I don't think you can really train for crits other than just doing them.


----------



## DMH2979 (May 24, 2011)

I am not good at crits, I cannot sprint and have more of a road racers build, but I don't find them that hard. I don't think it is all about pain or going super duper hard. If you know how to corner well, know how to position yourself well, you can surf the field and really not do too much work save for a few very hard efforts. Not to say some aren't super hard and lined out most of the time, but good cornering and positioning can make a hard crit easy. I've done 100k crits at superweek where I sat in the whole time and really didn't do that much work (granted there were 150 dudes in my race so there were lots of places to hide).
I had friends who used to surf the back, essentially tail gunning on purpose. Too hard to explain here why that can make things easy, but if done right, it can be a good tactic, you just have to be able to pay the price when the guys ahead of you get gapped off.

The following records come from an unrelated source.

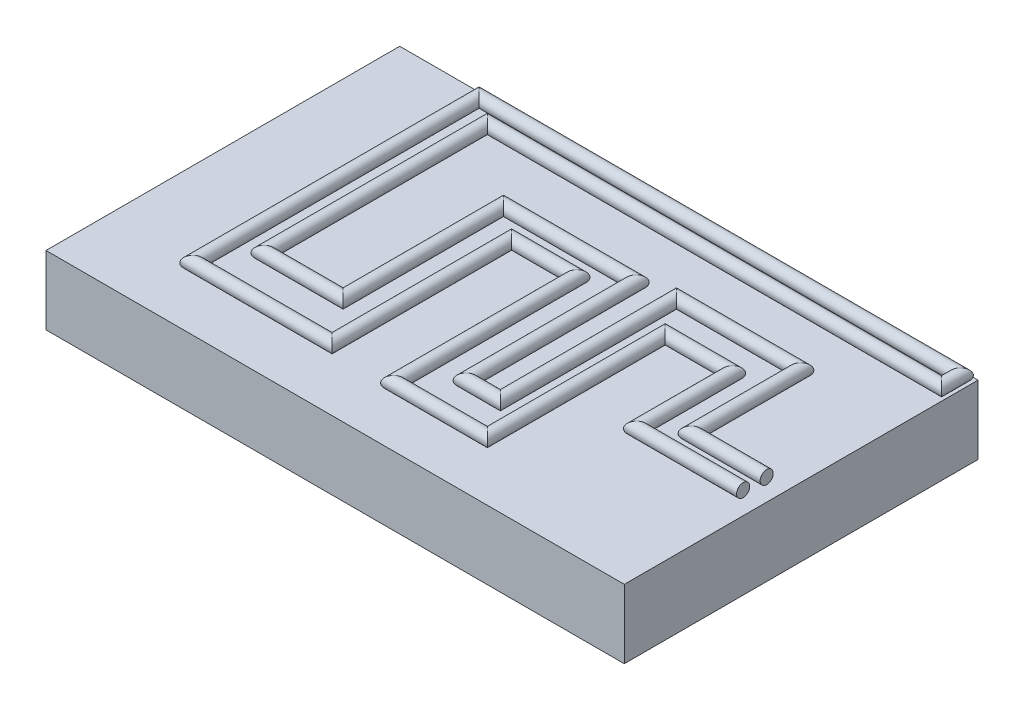
SolidWorks part; units mm, degrees
ref_plane "Front Plane" through (0, 0, 0) normal (0, 0, 1) x (1, 0, 0)
ref_plane "Top Plane" through (0, 0, 0) normal (0, 1, 0) x (1, 0, 0)
ref_plane "Right Plane" through (0, 0, 0) normal (1, 0, 0) x (0, 0, -1)
sketch "Sketch1" plane through (0, 0, 0) normal (0, 1, 0) x (1, 0, 0)
  line L1 (0, 0) -> (61.8, 0)
  line L2 (0, 0) -> (0, 37.8)
  line L3 (0, 37.8) -> (61.8, 37.8)
  line L4 (61.8, 0) -> (61.8, 37.8)
  dimension "D1" = 37.8
  dimension "D2" = 61.8
extrude "Boss-Extrude1" add sketch "Sketch1" along normal blind 7.35
sketch3d "3DSketch1"
  line L0 (11.2927, 9.649, -4.4059) -> (26.1669, 9.649, -4.4059)
  line L2 (26.1669, 9.649, -4.4059) -> (26.1669, 9.649, -23.5867)
  line L3 (26.1669, 9.649, -23.5867) -> (33.1401, 9.649, -23.5867)
  line L4 (14.1728, 9.649, -32.9919) -> (14.1728, 9.649, -9.1335)
  line L5 (0, 3.675, -37.8) -> (0, 3.675, 0) construction
  line L6 (0, 7.35, -37.8) -> (0, 0, -37.8) construction
  line L7 (0, 7.35, 0) -> (0, 0, 0) construction
  line L8 (33.1401, 9.649, -23.5867) -> (33.1401, 9.649, -4.0167)
  line L9 (14.1728, 9.649, -32.9919) -> (62.72, 9.649, -32.9919)
  line L10 (33.1401, 9.649, -4.0167) -> (43.1501, 9.649, -4.0167)
  line L12 (11.2927, 9.649, -34.9919) -> (62.72, 9.649, -34.9919)
  line L13 (62.72, 9.649, -32.9919) -> (62.72, 9.649, -34.9919)
  line L14 (11.2927, 9.649, -4.4059) -> (11.2927, 9.649, -34.9919)
  line L15 (43.1501, 9.649, -4.0167) -> (43.1501, 9.649, -23.0243)
  line L16 (43.1501, 9.649, -23.0243) -> (50.3482, 9.649, -23.0243)
  line L17 (50.3482, 9.649, -23.0243) -> (50.3482, 9.649, -12.7678)
  line L18 (50.3482, 9.649, -12.7678) -> (61.7335, 9.649, -12.7678)
  line L19 (14.1728, 9.649, -9.1335) -> (22.616, 9.649, -9.1335)
  line L20 (22.616, 9.649, -9.1335) -> (22.616, 9.649, -26.2739)
  line L21 (22.616, 9.649, -26.2739) -> (36.7833, 9.649, -26.2739)
  line L22 (36.7833, 9.649, -26.2739) -> (36.7833, 9.649, -8.122)
  line L23 (36.7833, 9.649, -8.122) -> (40.4359, 9.649, -8.122)
  line L24 (40.4359, 9.649, -8.122) -> (40.4359, 9.649, -26.938)
  line L25 (40.4359, 9.649, -26.938) -> (53.7177, 9.649, -26.938)
  line L26 (53.7177, 9.649, -26.938) -> (53.7177, 9.649, -15.236)
  line L27 (53.7177, 9.649, -15.236) -> (61.7814, 9.649, -15.236)
  point P30 (0, 0, 0)
  dimension "D7" = 2
sweep "Sweep10" add path "3DSketch1" circular profile diameter 1.4 parameters "D3"=1.4

One w/o I used to do a long time ago for crits was 5 sec on 5 off, 10 on 10 off, all the way up to 1 minute. Very hard.


----------



## spade2you (May 12, 2009)

wim said:


> No one can go "all out" for 30 minutes. It's generally accepted that an all-out effort starts to decay after about 10 seconds. I know I'm arguing semantics, but "go all out for 30 minutes" is seriously misleading.


Semantics



cxwrench said:


> what?!? no one...and i mean no one...can go all out, full gas for 30mins. going 90% for 30mins is one thing, full gas...not possible.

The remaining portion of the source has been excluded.